Participacionismo de Tragtenberg
• “pseudo-participação”: um reforço do modo de produção capitalista.
• Participação autêntica é aquela “onde a maioria da população, através de
órgãos livremente eleitos e articulados entre si, tem condições de dirigir o
processo de trabalho e participar da decisão a respeito das finalidades da
produção e outros aspectos da vida social que tenham significado”
• O problema central é a alienação do trabalho no sentido clássico do termo.
Ela existe como função do capital e o trabalhador é acima de tudo
dominado pelas condições de trabalho sob as quais não tem poder.
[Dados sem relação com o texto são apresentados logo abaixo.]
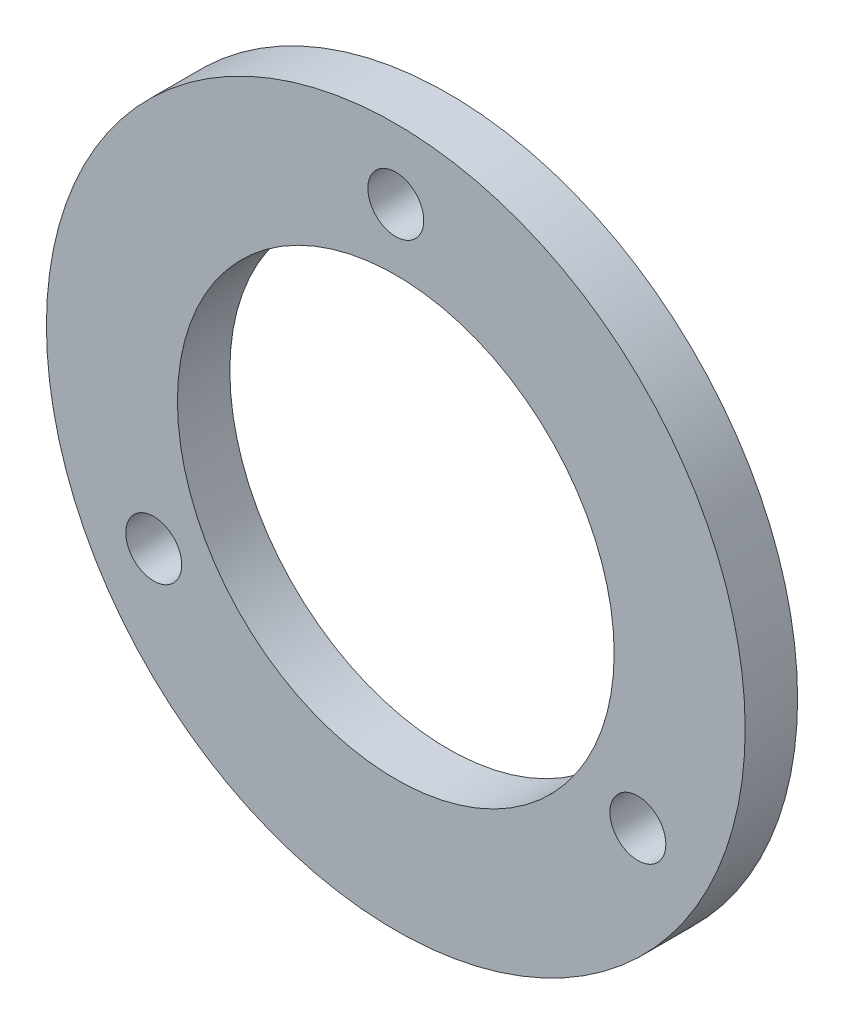
ISO-10303-21;
HEADER;
FILE_DESCRIPTION(('STEP AP214'),'2;1');
FILE_NAME('part.step','',(''),(''),'','','');
FILE_SCHEMA(('AUTOMOTIVE_DESIGN { 1 0 10303 214 1 1 1 1 }'));
ENDSEC;
DATA;
#1=APPLICATION_CONTEXT('core data for automotive mechanical design processes');
#2=APPLICATION_PROTOCOL_DEFINITION('international standard','automotive_design',2000,#1);
#3=PRODUCT_CONTEXT('',#1,'mechanical');
#4=PRODUCT('Part','Part','',(#3));
#5=PRODUCT_RELATED_PRODUCT_CATEGORY('part','',(#4));
#6=PRODUCT_DEFINITION_FORMATION('','',#4);
#7=PRODUCT_DEFINITION_CONTEXT('part definition',#1,'design');
#8=PRODUCT_DEFINITION('design','',#6,#7);
#9=PRODUCT_DEFINITION_SHAPE('','',#8);
#10=(LENGTH_UNIT() NAMED_UNIT(*) SI_UNIT(.MILLI.,.METRE.));
#11=(NAMED_UNIT(*) PLANE_ANGLE_UNIT() SI_UNIT($,.RADIAN.));
#12=(NAMED_UNIT(*) SI_UNIT($,.STERADIAN.) SOLID_ANGLE_UNIT());
#13=UNCERTAINTY_MEASURE_WITH_UNIT(LENGTH_MEASURE(1.E-05),#10,'distance_accuracy_value','');
#14=(GEOMETRIC_REPRESENTATION_CONTEXT(3) GLOBAL_UNCERTAINTY_ASSIGNED_CONTEXT((#13)) GLOBAL_UNIT_ASSIGNED_CONTEXT((#10,
#11,#12)) REPRESENTATION_CONTEXT('',''));
#15=CARTESIAN_POINT('',(0.,0.,0.));
#16=DIRECTION('',(0.,0.,1.));
#17=DIRECTION('',(1.,0.,0.));
#18=AXIS2_PLACEMENT_3D('',#15,#16,#17);
#19=CARTESIAN_POINT('',(-61.2854336991864,-189.564945778863,3.));
#20=DIRECTION('',(0.,0.,1.));
#21=DIRECTION('',(1.,0.,0.));
#22=AXIS2_PLACEMENT_3D('',#19,#20,#21);
#23=PLANE('',#22);
#24=CARTESIAN_POINT('',(-47.4290272386367,-197.564945778863,3.));
#25=DIRECTION('',(0.,0.,1.));
#26=DIRECTION('',(1.,0.,0.));
#27=AXIS2_PLACEMENT_3D('',#24,#25,#26);
#28=CIRCLE('',#27,1.6);
#29=CARTESIAN_POINT('',(-45.8290272386367,-197.564945778863,3.));
#30=VERTEX_POINT('',#29);
#31=EDGE_CURVE('E60',#30,#30,#28,.T.);
#32=ORIENTED_EDGE('',*,*,#31,.F.);
#33=EDGE_LOOP('',(#32));
#34=FACE_BOUND('',#33,.T.);
#35=CARTESIAN_POINT('',(-61.2854336991864,-189.564945778863,3.));
#36=DIRECTION('',(0.,0.,1.));
#37=DIRECTION('',(1.,0.,0.));
#38=AXIS2_PLACEMENT_3D('',#35,#36,#37);
#39=CIRCLE('',#38,12.5);
#40=CARTESIAN_POINT('',(-48.7854336991864,-189.564945778863,3.));
#41=VERTEX_POINT('',#40);
#42=EDGE_CURVE('E49',#41,#41,#39,.T.);
#43=ORIENTED_EDGE('',*,*,#42,.F.);
#44=EDGE_LOOP('',(#43));
#45=FACE_BOUND('',#44,.T.);
#46=CARTESIAN_POINT('',(-61.2854336991864,-189.564945778863,3.));
#47=DIRECTION('',(0.,0.,1.));
#48=DIRECTION('',(1.,0.,0.));
#49=AXIS2_PLACEMENT_3D('',#46,#47,#48);
#50=CIRCLE('',#49,19.9999999999995);
#51=CARTESIAN_POINT('',(-41.285433699187,-189.564945778863,3.));
#52=VERTEX_POINT('',#51);
#53=EDGE_CURVE('E10',#52,#52,#50,.T.);
#54=ORIENTED_EDGE('',*,*,#53,.T.);
#55=EDGE_LOOP('',(#54));
#56=FACE_BOUND('',#55,.T.);
#57=CARTESIAN_POINT('',(-61.2854336991871,-173.564945778863,3.));
#58=DIRECTION('',(0.,0.,1.));
#59=DIRECTION('',(1.,0.,0.));
#60=AXIS2_PLACEMENT_3D('',#57,#58,#59);
#61=CIRCLE('',#60,1.6);
#62=CARTESIAN_POINT('',(-59.6854336991871,-173.564945778863,3.));
#63=VERTEX_POINT('',#62);
#64=EDGE_CURVE('E54',#63,#63,#61,.T.);
#65=ORIENTED_EDGE('',*,*,#64,.F.);
#66=EDGE_LOOP('',(#65));
#67=FACE_BOUND('',#66,.T.);
#68=CARTESIAN_POINT('',(-75.1418401597385,-197.564945778863,3.));
#69=DIRECTION('',(0.,0.,1.));
#70=DIRECTION('',(1.,0.,0.));
#71=AXIS2_PLACEMENT_3D('',#68,#69,#70);
#72=CIRCLE('',#71,1.6);
#73=CARTESIAN_POINT('',(-73.5418401597385,-197.564945778863,3.));
#74=VERTEX_POINT('',#73);
#75=EDGE_CURVE('E66',#74,#74,#72,.T.);
#76=ORIENTED_EDGE('',*,*,#75,.F.);
#77=EDGE_LOOP('',(#76));
#78=FACE_BOUND('',#77,.T.);
#79=ADVANCED_FACE('F38',(#34,#45,#56,#67,#78),#23,.T.);
#80=CARTESIAN_POINT('',(-61.2854336991864,-189.564945778863,0.));
#81=DIRECTION('',(0.,0.,1.));
#82=DIRECTION('',(1.,0.,0.));
#83=AXIS2_PLACEMENT_3D('',#80,#81,#82);
#84=PLANE('',#83);
#85=CARTESIAN_POINT('',(-61.2854336991864,-189.564945778863,0.));
#86=DIRECTION('',(0.,0.,1.));
#87=DIRECTION('',(1.,0.,0.));
#88=AXIS2_PLACEMENT_3D('',#85,#86,#87);
#89=CIRCLE('',#88,19.9999999999995);
#90=CARTESIAN_POINT('',(-41.285433699187,-189.564945778863,0.));
#91=VERTEX_POINT('',#90);
#92=EDGE_CURVE('E42',#91,#91,#89,.T.);
#93=ORIENTED_EDGE('',*,*,#92,.F.);
#94=EDGE_LOOP('',(#93));
#95=FACE_BOUND('',#94,.T.);
#96=CARTESIAN_POINT('',(-61.2854336991864,-189.564945778863,0.));
#97=DIRECTION('',(0.,0.,1.));
#98=DIRECTION('',(1.,0.,0.));
#99=AXIS2_PLACEMENT_3D('',#96,#97,#98);
#100=CIRCLE('',#99,12.5);
#101=CARTESIAN_POINT('',(-48.7854336991864,-189.564945778863,0.));
#102=VERTEX_POINT('',#101);
#103=EDGE_CURVE('E51',#102,#102,#100,.T.);
#104=ORIENTED_EDGE('',*,*,#103,.T.);
#105=EDGE_LOOP('',(#104));
#106=FACE_BOUND('',#105,.T.);
#107=CARTESIAN_POINT('',(-61.2854336991871,-173.564945778863,0.));
#108=DIRECTION('',(0.,0.,1.));
#109=DIRECTION('',(1.,0.,0.));
#110=AXIS2_PLACEMENT_3D('',#107,#108,#109);
#111=CIRCLE('',#110,1.6);
#112=CARTESIAN_POINT('',(-59.6854336991871,-173.564945778863,0.));
#113=VERTEX_POINT('',#112);
#114=EDGE_CURVE('E57',#113,#113,#111,.T.);
#115=ORIENTED_EDGE('',*,*,#114,.T.);
#116=EDGE_LOOP('',(#115));
#117=FACE_BOUND('',#116,.T.);
#118=CARTESIAN_POINT('',(-47.4290272386367,-197.564945778863,0.));
#119=DIRECTION('',(0.,0.,1.));
#120=DIRECTION('',(1.,0.,0.));
#121=AXIS2_PLACEMENT_3D('',#118,#119,#120);
#122=CIRCLE('',#121,1.6);
#123=CARTESIAN_POINT('',(-45.8290272386367,-197.564945778863,0.));
#124=VERTEX_POINT('',#123);
#125=EDGE_CURVE('E63',#124,#124,#122,.T.);
#126=ORIENTED_EDGE('',*,*,#125,.T.);
#127=EDGE_LOOP('',(#126));
#128=FACE_BOUND('',#127,.T.);
#129=CARTESIAN_POINT('',(-75.1418401597385,-197.564945778863,0.));
#130=DIRECTION('',(0.,0.,1.));
#131=DIRECTION('',(1.,0.,0.));
#132=AXIS2_PLACEMENT_3D('',#129,#130,#131);
#133=CIRCLE('',#132,1.6);
#134=CARTESIAN_POINT('',(-73.5418401597385,-197.564945778863,0.));
#135=VERTEX_POINT('',#134);
#136=EDGE_CURVE('E69',#135,#135,#133,.T.);
#137=ORIENTED_EDGE('',*,*,#136,.T.);
#138=EDGE_LOOP('',(#137));
#139=FACE_BOUND('',#138,.T.);
#140=ADVANCED_FACE('F79',(#95,#106,#117,#128,#139),#84,.F.);
#141=CARTESIAN_POINT('',(-61.2854336991864,-189.564945778863,3.));
#142=DIRECTION('',(0.,0.,-1.));
#143=DIRECTION('',(-1.,0.,0.));
#144=AXIS2_PLACEMENT_3D('',#141,#142,#143);
#145=CYLINDRICAL_SURFACE('',#144,19.9999999999995);
#146=ORIENTED_EDGE('',*,*,#53,.F.);
#147=EDGE_LOOP('',(#146));
#148=FACE_BOUND('',#147,.T.);
#149=ORIENTED_EDGE('',*,*,#92,.T.);
#150=EDGE_LOOP('',(#149));
#151=FACE_BOUND('',#150,.T.);
#152=ADVANCED_FACE('F40',(#148,#151),#145,.T.);
#153=CARTESIAN_POINT('',(-61.2854336991864,-189.564945778863,3.));
#154=DIRECTION('',(0.,0.,-1.));
#155=DIRECTION('',(-1.,0.,0.));
#156=AXIS2_PLACEMENT_3D('',#153,#154,#155);
#157=CYLINDRICAL_SURFACE('',#156,12.5);
#158=ORIENTED_EDGE('',*,*,#42,.T.);
#159=EDGE_LOOP('',(#158));
#160=FACE_BOUND('',#159,.T.);
#161=ORIENTED_EDGE('',*,*,#103,.F.);
#162=EDGE_LOOP('',(#161));
#163=FACE_BOUND('',#162,.T.);
#164=ADVANCED_FACE('F89',(#160,#163),#157,.F.);
#165=CARTESIAN_POINT('',(-61.2854336991871,-173.564945778863,3.));
#166=DIRECTION('',(0.,0.,-1.));
#167=DIRECTION('',(-1.,0.,0.));
#168=AXIS2_PLACEMENT_3D('',#165,#166,#167);
#169=CYLINDRICAL_SURFACE('',#168,1.6);
#170=ORIENTED_EDGE('',*,*,#64,.T.);
#171=EDGE_LOOP('',(#170));
#172=FACE_BOUND('',#171,.T.);
#173=ORIENTED_EDGE('',*,*,#114,.F.);
#174=EDGE_LOOP('',(#173));
#175=FACE_BOUND('',#174,.T.);
#176=ADVANCED_FACE('F92',(#172,#175),#169,.F.);
#177=CARTESIAN_POINT('',(-47.4290272386367,-197.564945778863,3.));
#178=DIRECTION('',(0.,0.,-1.));
#179=DIRECTION('',(-1.,0.,0.));
#180=AXIS2_PLACEMENT_3D('',#177,#178,#179);
#181=CYLINDRICAL_SURFACE('',#180,1.6);
#182=ORIENTED_EDGE('',*,*,#31,.T.);
#183=EDGE_LOOP('',(#182));
#184=FACE_BOUND('',#183,.T.);
#185=ORIENTED_EDGE('',*,*,#125,.F.);
#186=EDGE_LOOP('',(#185));
#187=FACE_BOUND('',#186,.T.);
#188=ADVANCED_FACE('F96',(#184,#187),#181,.F.);
#189=CARTESIAN_POINT('',(-75.1418401597385,-197.564945778863,3.));
#190=DIRECTION('',(0.,0.,-1.));
#191=DIRECTION('',(-1.,0.,0.));
#192=AXIS2_PLACEMENT_3D('',#189,#190,#191);
#193=CYLINDRICAL_SURFACE('',#192,1.6);
#194=ORIENTED_EDGE('',*,*,#75,.T.);
#195=EDGE_LOOP('',(#194));
#196=FACE_BOUND('',#195,.T.);
#197=ORIENTED_EDGE('',*,*,#136,.F.);
#198=EDGE_LOOP('',(#197));
#199=FACE_BOUND('',#198,.T.);
#200=ADVANCED_FACE('F75',(#196,#199),#193,.F.);
#201=CLOSED_SHELL('',(#79,#140,#152,#164,#176,#188,#200));
#202=MANIFOLD_SOLID_BREP('B2',#201);
#203=ADVANCED_BREP_SHAPE_REPRESENTATION('',(#18,#202),#14);
#204=SHAPE_DEFINITION_REPRESENTATION(#9,#203);
ENDSEC;
END-ISO-10303-21;

Bettelheim, Mészáros, Mandel e Tragtenberg

• Não se contentam com o controle de algumas fábricas, posicionando-se,


cada qual à sua maneira, em defesa do controle da sociedade pelos
trabalhadores
• Se para a Economia Solidária autogestão significa propriedade coletiva
dos meios de produção e decisão democrática na fábrica, para os
primeiros significa somente isso, mas fundamentalmente autogoverno
pelos produtores associados tendo em vista a produção de valores de uso.
Considerações Finais
• Crítica ao rejuvenescimento das propostas socialistas de mercado: Economia Solidária x
coordenação global da produção pelos produtores associados;
• Abordagem teórica de uma vertente da Economia Solidária, especialmente a de Paul Singer,
é fruto de uma crise ideológica, uma crise que não vê mais as virtudes do planejamento
socialista. Ao não vislumbrar o planejamento da produção tendo em vista a produção de
valores de uso, a Economia Solidária realiza uma crítica parcial, senão incompleta ao
sociometabolismo do capital.
• Enquanto a autogestão não atacar os centros nevrálgicos da acumulação de capital, pouco se
pode esperar da mesma. Para que o cooperativismo e o associativismo de trabalhadores
possam florescer, eles devem se inserir numa proposta de construção de uma sociedade “para
além do capital” e para isso, faz-se necessário retomar o debate sobre a coordenação da
produção pelos produtores associados.